Nathan Lopez-Brody was awarded the 2016 New MexicoView Geospatial Scholarship. Nathan is working on a project entitled “Spatio-temporal dynamics of woody plants and bighorn sheep in the San Andres Mountains, New Mexico, U.S.A.” Nathan is a graduate student in the Department of Geography at NMSU. (See more below)
Reza Goljani was awarded the 2016 New MexicoView Geospatial Scholarship. Reza is working on a project entitled “Predicting spatial factors associated with cattle depredations by the Mexican wolf (Canis lupus baileyi) in Arizona and New Mexico.” Reza is a graduate student in the Department of Fish, Wildlife, and Conservation Ecology at NMSU. (See more below)
2016 New MexicoView Geospatial Scholarship Recipients
Spatio-temporal dynamics of woody plants and bighorn sheep in the San Andres Mountains, New Mexico, U.S.A.
Located in south-central New Mexico, the San Andres National Wildlife Refuge provides habitat for desert bighorn sheep (Ovis canadensis nelsoni). Refuge managers believe that the habitat of these translocated sheep has been negatively impacted by local expansions of piñon (Pinus edulis) and juniper (Juniperus monosperma) trees throughout the 20th century. Understanding the relationships between piñon-juniper population dynamics and bighorn sheep habitat is important for making management decisions. In my thesis, I aim to improve this understanding by a) mapping woody plant cover dynamics in the Refuge; and, b) modeling bighorn sheep habitat using woody plant cover and other explanatory variables. To map changes in woody plant cover, I apply multiple endmember spectral mixture analysis to Landsat TM and OLI imagery from 1985 and 2016, respectively. To model bighorn sheep habitat in 1985 and 2016, I use logistic regression with bighorn sheep radio collar locations, the woody plant cover data, and various other explanatory data layers (e.g., slope and ruggedness). I anticipate that piñon-juniper cover will have increased in the Refuge between 1985 and 2016. I also anticipate that this expansion in woody plant cover will reduce the quantity of bighorn sheep habitat in the San Andres Mountains. Remotely sensed data compose the backbone of this study. The Landsat record makes this type of retrospective longitudinal study possible.

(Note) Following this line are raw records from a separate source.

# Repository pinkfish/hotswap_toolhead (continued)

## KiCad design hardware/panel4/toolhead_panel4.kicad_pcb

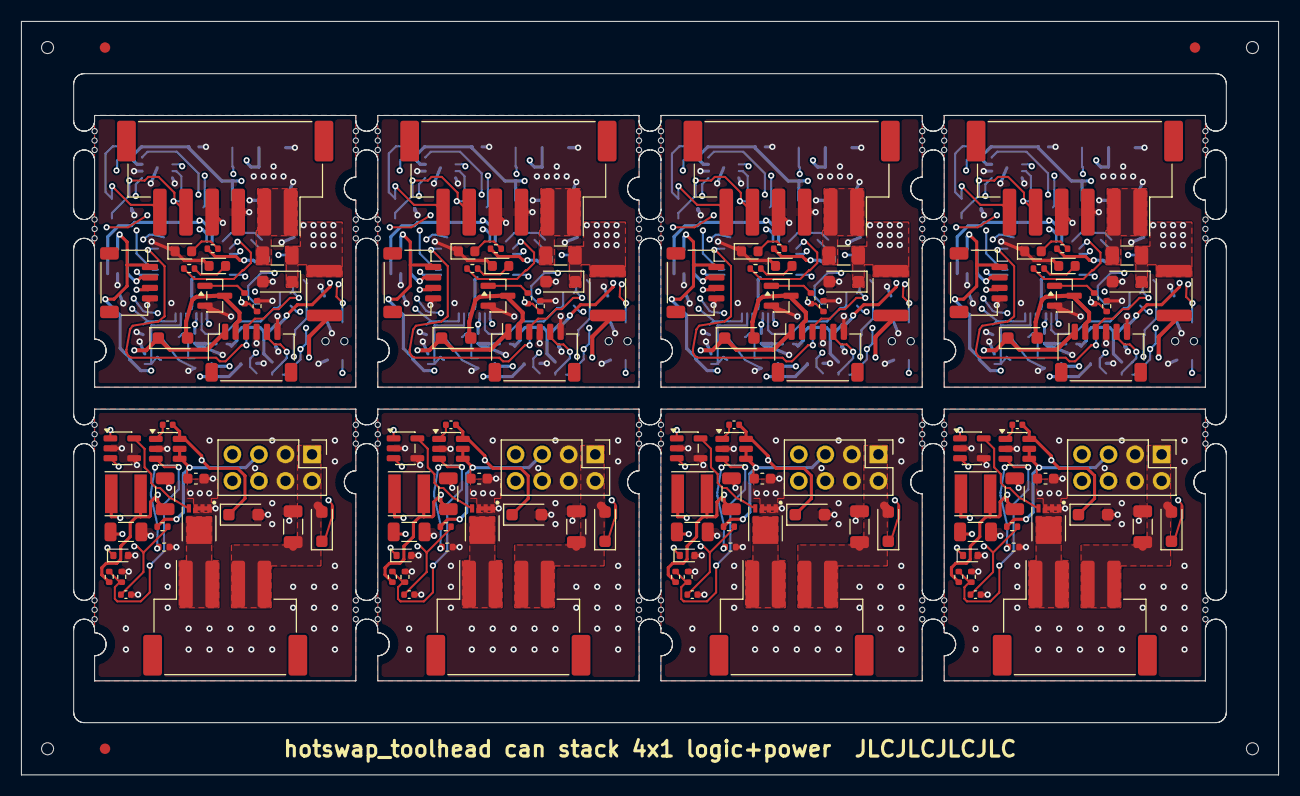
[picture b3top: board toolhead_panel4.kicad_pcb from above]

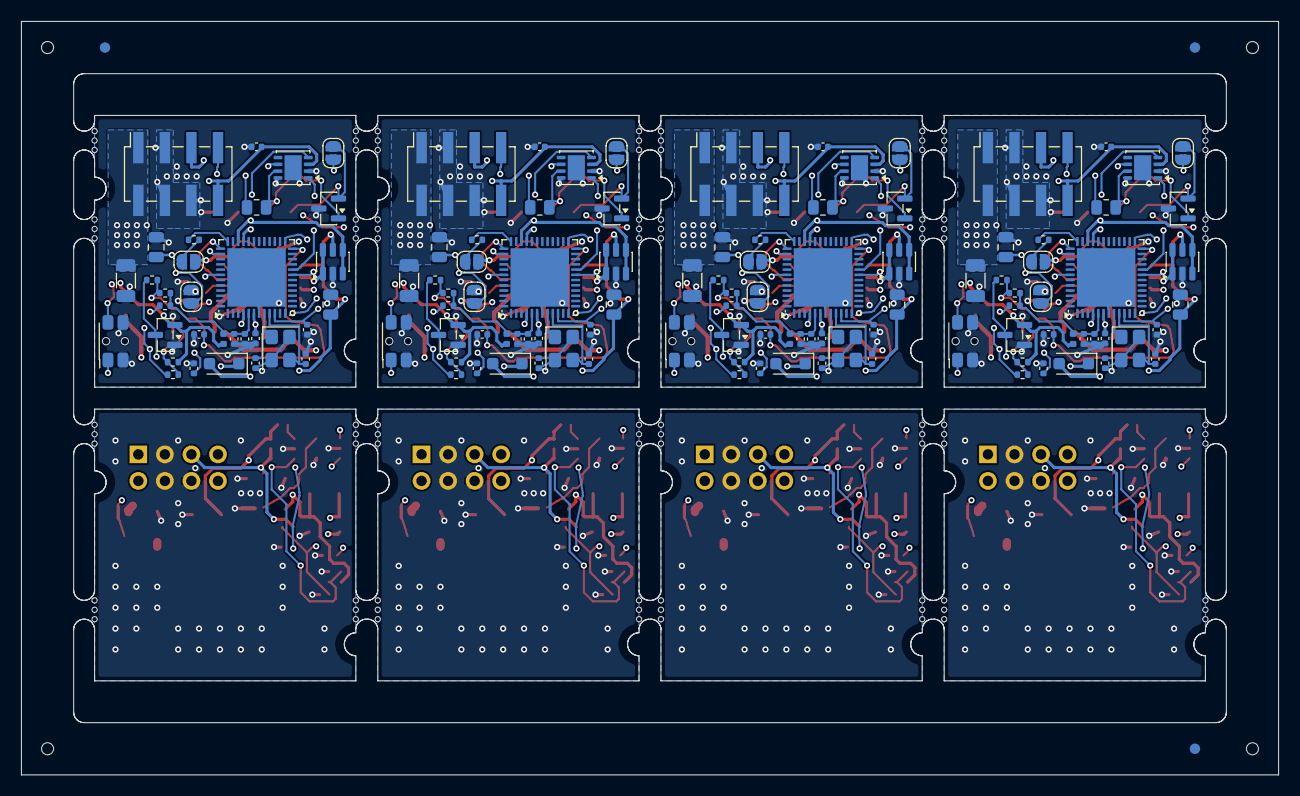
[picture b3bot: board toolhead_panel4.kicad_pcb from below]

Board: 4 copper layers, 120.3 x 72.1 mm, 366 parts (131 on the bottom side), 172 nets.

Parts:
C1_0, C1_2, C1_4, C1_6, C2_1, C2_3, C2_5, C2_7, C4_1, C4_3, C4_5, C4_7: 10uF 50V X5R; C_1206_3216Metric
C5_1, C5_3, C5_5, C5_7: 100nF; C_0603_1608Metric
C6_1, C6_3, C6_5, C6_7, C9_0, C9_2, C9_4, C9_6, C12_0, C12_2, C12_4, C12_6, C15_0, C15_2, C15_4, C15_6, C16_0, C16_2, C16_4, C16_6, C19_0, C19_2, C19_4, C19_6, C20_0, C20_2, C20_4, C20_6: 100nF; C_0402_1005Metric
C8_1, C8_3, C8_5, C8_7: 22uF 25V X5R; C_1206_3216Metric
C10_0, C10_2, C10_4, C10_6, C17_0, C17_2, C17_4, C17_6: 10uF 25V X5R; C_0805_2012Metric
C11_0, C11_2, C11_4, C11_6, C21_1, C21_3, C21_5, C21_7: 1uF; C_0402_1005Metric
C13_0, C13_2, C13_4, C13_6, C14_0, C14_2, C14_4, C14_6: 33pF C0G; C_0402_1005Metric
D1_0, D1_2, D1_4, D1_6: SMF33CA; D_SOD-123F
D3_0, D3_2, D3_4, D3_6, D5_0, D5_2, D5_4, D5_6, D7_1, D7_3, D7_5, D7_7, D9_1, D9_3, D9_5, D9_7: DSK110 100V 1A; D_SOD-123F
D4_0, D4_2, D4_4, D4_6: NUP2105L; SOT-23
D6_0, D6_2, D6_4, D6_6: BAT54S; SOT-23
D10_1, D10_3, D10_5, D10_7: BZX585-C12 12V; D_SOD-523
F1_0, F1_2, F1_4, F1_6: 8A 1206 fuse (0458008.DR); Fuse_1206_3216Metric
F2_0, F2_2, F2_4, F2_6: PTC 0.75A 33V (JK-mSMD075-33); Fuse_1812_4532Metric
FB1_0, FB1_2, FB1_4, FB1_6: 600R@100MHz; L_0402_1005Metric
J1_0, J1_2, J1_4, J1_6: 24V/CAN in (JST XH 1x6 S6B-XH-SM4-TB); JST_XH_S6B-XH-SM4-TB_1x06-1MP_P2.50mm_Horizontal
J2_0, J2_2, J2_4, J2_6: Fan/therm/sensor (JST SH 1x6 SM06B-SRSS-TB); JST_SH_SM06B-SRSS-TB_1x06-1MP_P1.00mm_Horizontal
J3_1, J3_3, J3_5, J3_7: Heater (JST XH 1x4 S4B-XH-SM4-TB); JST_XH_S4B-XH-SM4-TB_1x04-1MP_P2.50mm_Horizontal
J5_0, J5_2, J5_4, J5_6: USB (JST SH 1x4 SM04B-SRSS-TB); JST_SH_SM04B-SRSS-TB_1x04-1MP_P1.00mm_Horizontal
J6_0, J6_2, J6_4, J6_6: Link socket 2x4 (HC-PM254-8.5H-2x4PS); PinSocket_2x04_P2.54mm_Vertical_SMD
J7_1, J7_3, J7_5, J7_7: Link header 2x4 (HX PZ2.54-2x4P ZZ); PinHeader_2x04_P2.54mm_Vertical
JP1_0, JP1_2, JP1_4, JP1_6: TERM; SolderJumper-2_P1.3mm_Open_RoundedPad1.0x1.5mm
JP2_0, JP2_2, JP2_4, JP2_6: NTC/PT1000; SolderJumper-2_P1.3mm_Open_RoundedPad1.0x1.5mm
JP3_0, JP3_2, JP3_4, JP3_6: BOOT; SolderJumper-2_P1.3mm_Open_RoundedPad1.0x1.5mm
KiKit_FID_B_1, KiKit_FID_B_2, KiKit_FID_B_3: Fiducial
KiKit_FID_T_1, KiKit_FID_T_2, KiKit_FID_T_3: Fiducial
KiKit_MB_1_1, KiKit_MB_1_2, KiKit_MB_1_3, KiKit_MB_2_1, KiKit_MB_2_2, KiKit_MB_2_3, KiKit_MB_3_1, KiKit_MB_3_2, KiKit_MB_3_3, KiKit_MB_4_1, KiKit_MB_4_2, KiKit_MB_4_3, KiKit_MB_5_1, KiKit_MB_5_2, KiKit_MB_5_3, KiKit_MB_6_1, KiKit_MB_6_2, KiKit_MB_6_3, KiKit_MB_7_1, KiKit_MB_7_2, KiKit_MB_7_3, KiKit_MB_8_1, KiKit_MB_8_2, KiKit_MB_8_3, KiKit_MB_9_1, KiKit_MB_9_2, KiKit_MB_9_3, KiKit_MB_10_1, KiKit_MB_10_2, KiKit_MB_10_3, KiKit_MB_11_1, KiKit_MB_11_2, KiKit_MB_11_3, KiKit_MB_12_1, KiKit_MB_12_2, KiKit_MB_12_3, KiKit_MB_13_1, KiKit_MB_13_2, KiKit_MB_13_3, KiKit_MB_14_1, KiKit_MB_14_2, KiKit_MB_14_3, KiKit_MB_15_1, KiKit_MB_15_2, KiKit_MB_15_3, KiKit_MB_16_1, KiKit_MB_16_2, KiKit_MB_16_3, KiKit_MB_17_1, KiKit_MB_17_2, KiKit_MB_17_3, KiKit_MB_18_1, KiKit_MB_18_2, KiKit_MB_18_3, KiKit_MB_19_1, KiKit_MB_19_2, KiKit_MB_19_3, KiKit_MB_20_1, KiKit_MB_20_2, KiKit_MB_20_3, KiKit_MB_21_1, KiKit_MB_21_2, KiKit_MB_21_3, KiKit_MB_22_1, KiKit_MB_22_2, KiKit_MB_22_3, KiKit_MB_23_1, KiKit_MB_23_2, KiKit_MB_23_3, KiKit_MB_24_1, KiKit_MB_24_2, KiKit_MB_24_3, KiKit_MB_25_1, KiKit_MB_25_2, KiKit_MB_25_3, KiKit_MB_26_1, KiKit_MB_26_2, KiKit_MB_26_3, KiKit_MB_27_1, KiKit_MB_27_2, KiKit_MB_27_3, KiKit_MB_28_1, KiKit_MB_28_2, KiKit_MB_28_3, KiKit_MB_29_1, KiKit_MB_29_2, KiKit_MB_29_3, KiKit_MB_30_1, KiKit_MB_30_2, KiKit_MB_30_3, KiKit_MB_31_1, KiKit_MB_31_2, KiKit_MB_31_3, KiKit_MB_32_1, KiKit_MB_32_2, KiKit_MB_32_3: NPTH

Predicting spatial factors associated with cattle depredations by the Mexican wolf (Canis lupus baileyi) in Arizona and New Mexico
My thesis is titled “Predicting spatial factors associated with cattle depredations by the Mexican wolf (Canis lupus baileyi) in Arizona and New Mexico”. The overarching goal of this study is to develop models that explain spatial factors associated with Mexican wolf depredations on livestock. We compare various presence-only (e.g. Maximum Entropy [Maxent], Artificial Neural Network [ANN], Support Vector Machines [SVM]), and presence-absence (Generalized Linear Models [GLM], Generalized Additive Models [GAM], and Zero Inflated Models [ZIM]) spatial modeling methods to find the best approach to identify landscape features that increase risk of wolf depredation, and produce a risk map that depicts the spatial distribution of predicted risk of cattle depredation by Mexican wolves in the study area (i.e., Mexican wolf recovery area which is all of Arizona and New Mexico south of Interstate-40). Our spatial predictors include biotic communities, vegetation structure, water resources, developed areas, and topographic variables. Moreover, we are using Maxent and GLM to develop spatial models that will represent the abundance of natural prey (elk, mule deer, white-tailed deer) and livestock to use as predictors in the risk models. To prepare predictor variables, build models and evaluate models, we employ a variety of geospatial software and methods including Arc GIS, ERDAS, R, python, open modeler, Maxent, ENFA, and ENMTools. The results of this study will provide guidance for future spatial depredation risk modeling and help Mexican wolf managers to detect and modify Mexican wolf-livestock conflict hotspots before the conflicts occur.